In una masseria erano custoditi un fucile a canne mozze calibro 12, due pistole calibro 7,65 e varie munizioni

PALERMO. Cosa nostra è ancora in grado di reperire armi necessarie anche nelle guerre di mafia per il controllo del territorio. La circostanza viene fuori nell'indagine che oggi ha portato a 62 arresti.

Un piccolo arsenale è stato trovato a Giuseppe Buscemi Tartarone nel 2014. In una masseria erano custoditi un fucile a canne mozze calibro 12, due pistole calibro 7,65, due caricatori monofilari per calibro 7,65, numerose munizioni di vario calibro, due passamontagna e una borsa a tracolla con all'interno un guanto in lattice.
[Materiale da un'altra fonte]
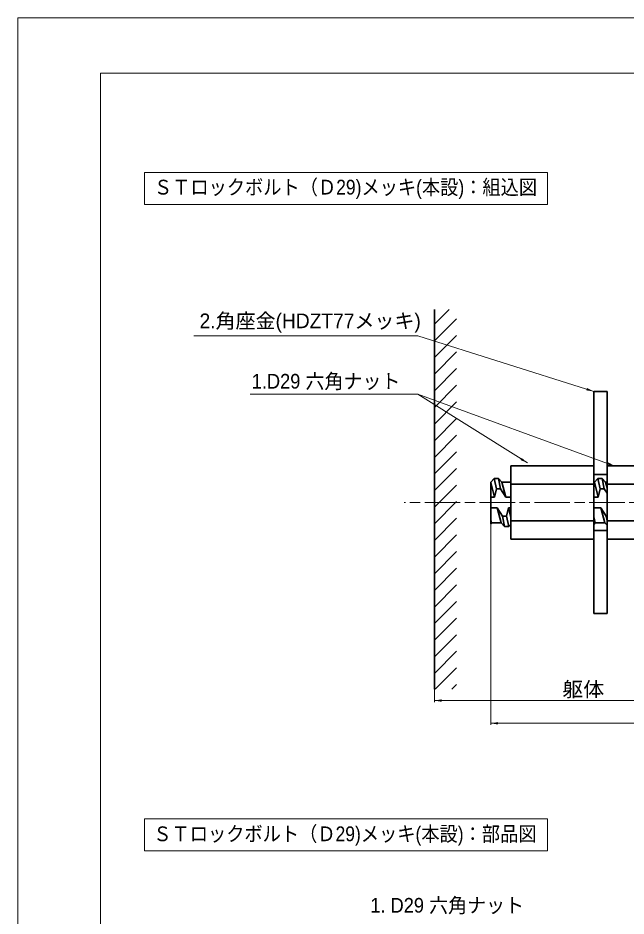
# Model space of a CAD drawing. Units: millimetres at full size, sheet at 1:2; details may follow other scales. Extents: x 1999 to 3681, y 931 to 2119.
# Drawn here: x 1999 to 2409, y 1513 to 2119 of the extents above; entities that cross this region are included whole.
import ezdxf
from ezdxf.enums import TextEntityAlignment as Align

# ---------------------------------------------------------------- set-up
doc = ezdxf.new("R2010")
doc.units = ezdxf.units.MM
doc.header["$LTSCALE"] = 2
doc.linetypes.add('CHAIN', pattern=[18.5, 12, -1.5, 3.5, -1.5])
for name, color, linetype, lineweight in [('1外形線', 7, 'Continuous', 35), ('2細い実線', 3, 'Continuous', 20), ('4中心線', 1, 'CHAIN', 15), ('6寸法線', 4, 'Continuous', 13), ('7 枠・タイトル', 7, 'Continuous', 13), ('Defpoints_2', 7, 'Continuous', 13)]:
    doc.layers.add(name, color=color, linetype=linetype, lineweight=lineweight)
doc.styles.add('ＭＳ Ｐゴシック', font='')
doc.styles.get('ＭＳ Ｐゴシック').set_extended_font_data('MS PGothic')

# ---------------------------------------------------------------- blocks, each defined once
blk = doc.blocks.new('filled_arrow')
at = {"color": 0, "linetype": 'Continuous', "lineweight": -2}
blk.add_solid([(7.5, 1.25), (0, 0), (7.5, -1.25)], dxfattribs=at)

msp = doc.modelspace()

# ---------------------------------------------------------------- hatches: boundary and pattern name
at = {"layer": '2細い実線'}
h = msp.add_hatch(dxfattribs=at)
h.set_pattern_fill('USER', color=256, style=0, pattern_type=2)
h.set_pattern_definition([(45, (2050.918, 930.972), (-5.61266, 5.61266), [])])
h.paths.add_polyline_path([(2295.01, 1793.354), (2295.01, 1791.864), (2295.01, 1790.354), (2295.01, 1782.504), (2295.011, 1665.811), (2280.011, 1665.811), (2280.01, 1791.864), (2280.009, 1922.129), (2295.009, 1922.129), (2295.01, 1801.204)])

# ---------------------------------------------------------------- linework, layer by layer
at = {"layer": '1外形線'}
for p, q in [((2280.011, 1665.811), (2280.009, 1922.129)), ((2387.567, 1808.365), (2387.568, 1866.877)), ((2396.568, 1866.877), (2387.568, 1866.877)), ((2396.568, 1866.877), (2396.567, 1808.365)), ((2331.566, 1767.039), (2331.566, 1816.691)), ((2387.566, 1816.691), (2331.566, 1816.691)), ((2387.566, 1767.039), (2387.566, 1816.691)), ((2396.566, 1767.039), (2396.566, 1816.691)), ((2452.566, 1816.691), (2396.566, 1816.691)), ((2320.401, 1808.065), (2318.054, 1805.718)), ((2320.401, 1808.065), (2321.903, 1801.115)), ((2320.401, 1808.065), (2323.201, 1808.065)), ((2323.201, 1808.065), (2324.703, 1801.115)), ((2323.201, 1808.065), (2325.601, 1805.665)), ((2387.566, 1791.865), (2387.566, 1808.328)), ((2396.567, 1810.865), (2387.567, 1810.866)), ((2390.401, 1808.065), (2388.001, 1805.665)), ((2390.401, 1808.065), (2391.903, 1801.115)), ((2390.401, 1808.065), (2393.201, 1808.065)), ((2393.201, 1808.065), (2394.703, 1801.115)), ((2393.201, 1808.065), (2395.601, 1805.665)), ((2396.566, 1791.865), (2396.566, 1808.328)), ((2318.054, 1805.718), (2318.055, 1777.519)), ((2318.054, 1805.458), (2320.568, 1795.546)), ((2321.903, 1801.115), (2320.568, 1795.546)), ((2321.903, 1801.115), (2324.703, 1801.115)), ((2324.703, 1801.115), (2328.168, 1795.546)), ((2325.601, 1805.665), (2328.168, 1795.546)), ((2325.601, 1805.665), (2331.566, 1805.665)), ((2331.566, 1804.278), (2387.566, 1804.278)), ((2387.566, 1805.665), (2388.001, 1805.665)), ((2388.001, 1805.665), (2390.568, 1795.546)), ((2391.903, 1801.115), (2390.568, 1795.546)), ((2391.903, 1801.115), (2394.703, 1801.115)), ((2394.703, 1801.115), (2396.566, 1798.121)), ((2395.601, 1805.665), (2396.566, 1801.862)), ((2395.601, 1805.665), (2396.566, 1805.665)), ((2396.566, 1804.278), (2452.566, 1804.278)), ((2318.054, 1795.546), (2320.568, 1795.546)), ((2328.168, 1795.546), (2331.566, 1795.546)), ((2387.566, 1795.546), (2390.568, 1795.546)), ((2387.566, 1791.865), (2387.566, 1775.403)), ((2396.566, 1791.865), (2396.565, 1775.403)), ((2318.054, 1788.184), (2322.435, 1788.184)), ((2325.9, 1782.616), (2322.435, 1788.184)), ((2322.435, 1788.184), (2325.001, 1778.065)), ((2325.9, 1782.616), (2328.7, 1782.616)), ((2325.9, 1782.616), (2327.401, 1775.665)), ((2328.7, 1782.616), (2330.035, 1788.184)), ((2328.7, 1782.616), (2330.201, 1775.665)), ((2330.035, 1788.184), (2331.566, 1782.147)), ((2330.035, 1788.184), (2331.566, 1788.184)), ((2387.566, 1788.184), (2392.435, 1788.184)), ((2395.9, 1782.616), (2392.435, 1788.184)), ((2392.435, 1788.184), (2395.001, 1778.065)), ((2395.9, 1782.616), (2396.565, 1782.616)), ((2395.9, 1782.616), (2396.565, 1779.534)), ((2318.055, 1780.221), (2318.601, 1778.065)), ((2318.055, 1777.519), (2318.601, 1778.065)), ((2318.601, 1778.065), (2325.001, 1778.065)), ((2327.401, 1775.665), (2325.001, 1778.065)), ((2330.201, 1775.665), (2331.566, 1777.03)), ((2331.566, 1779.452), (2387.566, 1779.452)), ((2387.566, 1782.147), (2388.601, 1778.065)), ((2387.566, 1777.03), (2388.601, 1778.065)), ((2388.601, 1778.065), (2395.001, 1778.065)), ((2396.565, 1776.501), (2395.001, 1778.065)), ((2396.566, 1779.452), (2452.566, 1779.452)), ((2327.401, 1775.665), (2330.201, 1775.665)), ((2387.566, 1775.365), (2387.564, 1716.877)), ((2396.566, 1772.865), (2387.566, 1772.866)), ((2396.564, 1716.877), (2396.566, 1775.365)), ((2387.566, 1767.039), (2331.566, 1767.039)), ((2452.566, 1767.039), (2396.566, 1767.039)), ((2396.564, 1716.877), (2387.564, 1716.877))]:
    msp.add_line(p, q, dxfattribs=at)
at = {"layer": '4中心線'}
msp.add_line((3518.524, 1791.865), (2259.719, 1791.865), dxfattribs=at)
at = {"layer": '6寸法線'}
for p, q in [((2318.055, 1779.311), (2318.055, 1641.823)), ((2280.011, 1665.749), (2280.011, 1657.187)), ((2280.011, 1658.187), (2481.015, 1658.187)), ((2318.055, 1642.823), (3462.801, 1642.823))]:
    msp.add_line(p, q, dxfattribs=at)
for points in [[(2387.568, 1866.865), (2382.8, 1868.37), (2268.949, 1904.305), (2117.646, 1904.305)], [(2342.799, 1818.614), (2338.567, 1821.276), (2268.949, 1865.064), (2155.668, 1865.064)], [(2401.621, 1816.569), (2396.925, 1818.286), (2268.949, 1865.064)]]:
    msp.add_lwpolyline(points, dxfattribs=at)
at = {"layer": '7 枠・タイトル'}
for p, q in [((3625.321, 2081.75), (2054.625, 2081.75)), ((2054.625, 968.197), (2054.625, 2081.75)), ((2084.47, 2014.691), (2084.47, 1993.12)), ((2084.47, 2014.691), (2356.324, 2014.691)), ((2356.324, 2014.691), (2356.324, 1993.12)), ((2084.47, 1993.12), (2356.324, 1993.12)), ((2084.47, 1578.333), (2084.47, 1556.762)), ((2084.47, 1578.333), (2356.45, 1578.333)), ((2356.45, 1578.333), (2356.45, 1556.762)), ((2084.47, 1556.762), (2356.45, 1556.762))]:
    msp.add_line(p, q, dxfattribs=at)
at = {"layer": 'Defpoints_2'}
msp.add_lwpolyline([(1998.973, 930.974), (3680.973, 930.974), (3680.973, 2118.974), (1998.973, 2118.974)], close=True, dxfattribs=at)

# ---------------------------------------------------------------- block references
at = {"layer": '6寸法線', "xscale": 0.667, "yscale": 0.667}
for p, rotation in [((2387.568, 1866.865), 162.5), ((2342.799, 1818.614), 147.8), ((2401.621, 1816.569), 159.9)]:
    msp.add_blockref('filled_arrow', p, dxfattribs=dict(at, rotation=rotation))
for p in [(2280.011, 1658.187), (2318.055, 1642.823)]:
    msp.add_blockref('filled_arrow', p, dxfattribs=at)

# ---------------------------------------------------------------- texts
at = {"layer": '6寸法線', "color": 7, "style": 'ＭＳ Ｐゴシック'}
msp.add_text('2.角座金(HDZT77メッキ)', height=9.897, dxfattribs=at).set_placement((2121.539, 1906.593), align=Align.BOTTOM_LEFT)
at = {"layer": '6寸法線', "color": 7, "style": 'ＭＳ Ｐゴシック', "width": 0.95}
msp.add_text('1.D29 六角ナット', height=9.897, dxfattribs=at).set_placement((2156.763, 1865.828), align=Align.BOTTOM_LEFT)
at = {"layer": '6寸法線', "style": 'ＭＳ Ｐゴシック', "width": 1.05}
msp.add_text('躯体', height=9.897, dxfattribs=at).set_placement((2380.513, 1665.778), align=Align.MIDDLE_CENTER)
at = {"layer": '7 枠・タイトル', "style": 'ＭＳ Ｐゴシック'}
for s, height, width, p in [('ＳＴロックボルト（Ｄ29)メッキ(本設)：組込図', 10.02, 0.9, (2090.746, 1996.733)), ('ＳＴロックボルト（Ｄ29)メッキ(本設)：部品図', 10.02, 0.9, (2090.328, 1560.2)), ('1. D29 六角ナット', 9.897, 0.95, (2236.79, 1512.041))]:
    msp.add_text(s, height=height, dxfattribs=dict(at, width=width)).set_placement(p, align=Align.BOTTOM_LEFT)

doc.saveas('drawing.dxf')
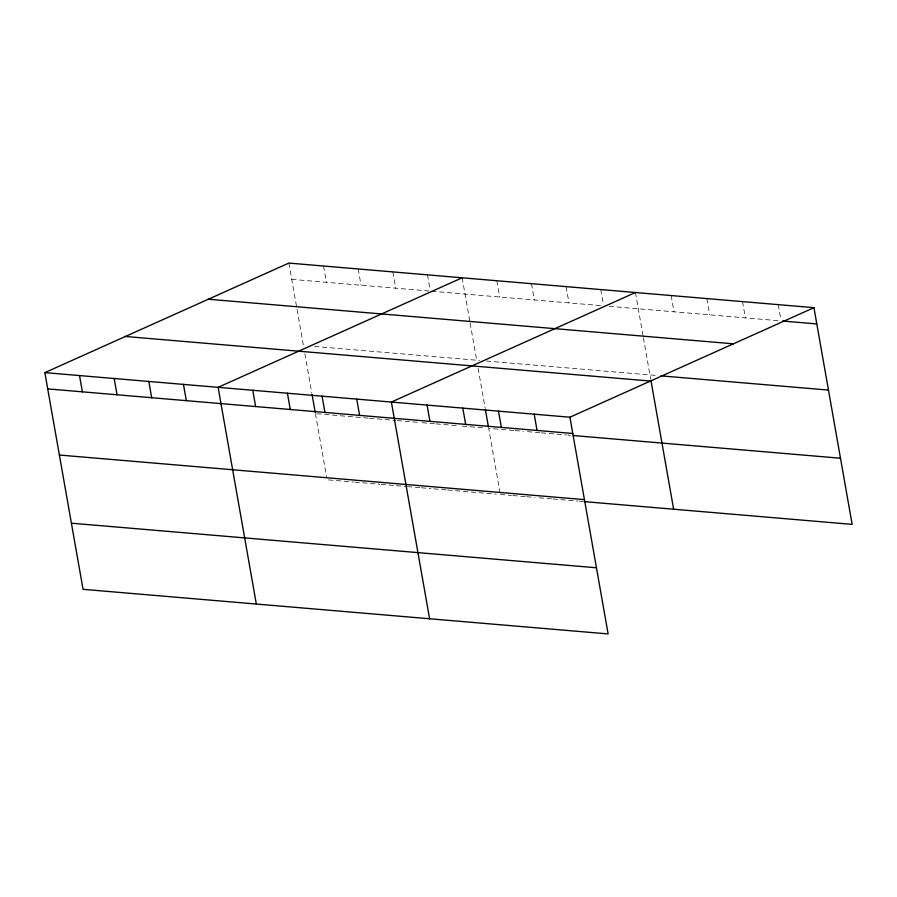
<?xml version="1.0" encoding="UTF-8"?>
<svg xmlns="http://www.w3.org/2000/svg" width="897" height="897" viewBox="0 0 897 897"><rect width="100%" height="100%" fill="white"/><g stroke="black" fill="none" stroke-linecap="round" stroke-linejoin="round"><path stroke-width="0.67" stroke-dasharray="4.49 3.36" d="M291.749 279.359L428.979 291.009M431.76 291.245L600.867 305.608M609.175 306.314L778.361 320.678M314.511 346.444L479.458 360.448M486.387 361.031L658.196 375.63M316.82 413.764L368.106 418.114M369.497 418.237L395.824 420.469M397.214 420.592L419.392 422.476M422.162 422.711L434.641 423.765M436.032 423.889L456.82 425.649M462.359 426.12L484.537 428.004M513.656 430.482L488.697 428.362L499.876 491.747M515.035 430.594L523.355 431.3M527.514 431.659L539.983 432.713M541.373 432.836L566.321 434.955M567.711 435.067L570.481 435.303M328.481 479.906L353.429 482.025M354.82 482.138L379.767 484.257M381.158 484.38L393.626 485.434M396.407 485.669L406.106 486.499M407.496 486.611L419.964 487.676M421.355 487.789L431.053 488.618M433.834 488.854L446.302 489.908M447.693 490.031L469.871 491.915M471.25 492.027L496.209 494.146M500.369 494.505L511.458 495.447M512.837 495.559L525.317 496.624M526.696 496.736L535.016 497.443M539.175 497.801L551.655 498.855M553.034 498.979L577.993 501.098M579.372 501.21L583.532 501.569M778.237 304.632L780.861 319.556M742.525 301.605L745.396 317.874M706.825 298.566L709.695 314.847M671.124 295.539L673.995 311.82M635.424 292.512L643.149 336.341M643.396 337.721L650.673 379.016M600.766 289.563L603.401 304.487M566.108 286.625L568.978 302.894M531.461 283.676L534.332 299.957M496.803 280.739L499.674 297.008M462.157 277.79L469.882 321.631M470.129 323.01L476.688 360.213M478.123 368.387L485.098 407.911M427.499 274.852L430.134 289.765M392.841 271.903L395.712 288.184M358.195 268.965L361.065 285.235M323.537 266.017L326.407 282.297M288.879 263.079L303.421 345.502M304.857 353.676L311.831 393.2M315.43 413.64L326.609 477.036"/><path stroke-width="1.35" d="M44.85 372.625L569.909 417.217L608.121 633.921L83.062 589.329L44.85 372.625L288.879 263.079L813.938 307.671L852.15 524.375L584.922 501.681M462.157 277.79L218.117 387.336L256.329 604.051M635.424 292.512L391.384 402.047L429.596 618.762M569.909 417.217L813.938 307.671M782.476 321.025L816.808 323.94M208.351 299.228L733.41 343.82M660.943 375.854L828.469 390.083M125.378 336.476L650.437 381.057M47.72 388.894L572.779 433.486M573.25 435.538L840.489 458.232M59.381 455.037L584.44 499.629M71.401 523.186L596.449 567.779M650.919 380.373L673.636 509.216M534.197 414.179L537.068 430.459M498.497 411.151L501.367 427.421M485.333 409.279L488.461 426.994M462.796 408.113L465.666 424.393M427.084 405.085L429.955 421.355M356.737 399.109L359.607 415.389M322.079 396.16L324.949 412.441M312.066 394.568L315.195 412.284M287.421 393.222L290.292 409.503M252.775 390.285L255.645 406.554M183.459 384.398L186.329 400.667M148.812 381.449L151.683 397.73M114.154 378.512L117.025 394.781M79.508 375.563L82.378 391.843"/></g></svg>

Tartarone, secondo gli inquirenti, custodiva le armi per il gruppo di Giovanni Di Lorenzo (uno degli arrestati) che avrebbe agito per conto di Salvatore Mulè, ex reggente del mandamento di San Giuseppe Jato.

Proprio dopo l'arresto di Mulè (nel 2013) cominciarono le violente fibrillazioni interne che portarono alla leadership di Gregorio Agrigento, storico esponente della famiglia mafiosa di San Cipirello. Dopo il sequestro, Di Lorenzo stava valutando - come emerge dalle intercettazioni - di dotarsi anche di un bazooka, ma poi abbandonò il proposito perché eccessivamente costoso e le munizioni erano difficili da reperire.

Ne parlano due degli arrestati, Di Lorenzo e Domenico Lo Biondo: "Per me quella specie di landa missile eeeh... lo deve avere lui! Il bazooka!... E che minchia se ne fa? Se non c'è niente che minchia se ne fa! Eh, se uno capitasse le cose! E dove le vai a trovare! Ma se uno... capitando quello... ogni cosa di questo ci vogliono mille euro!".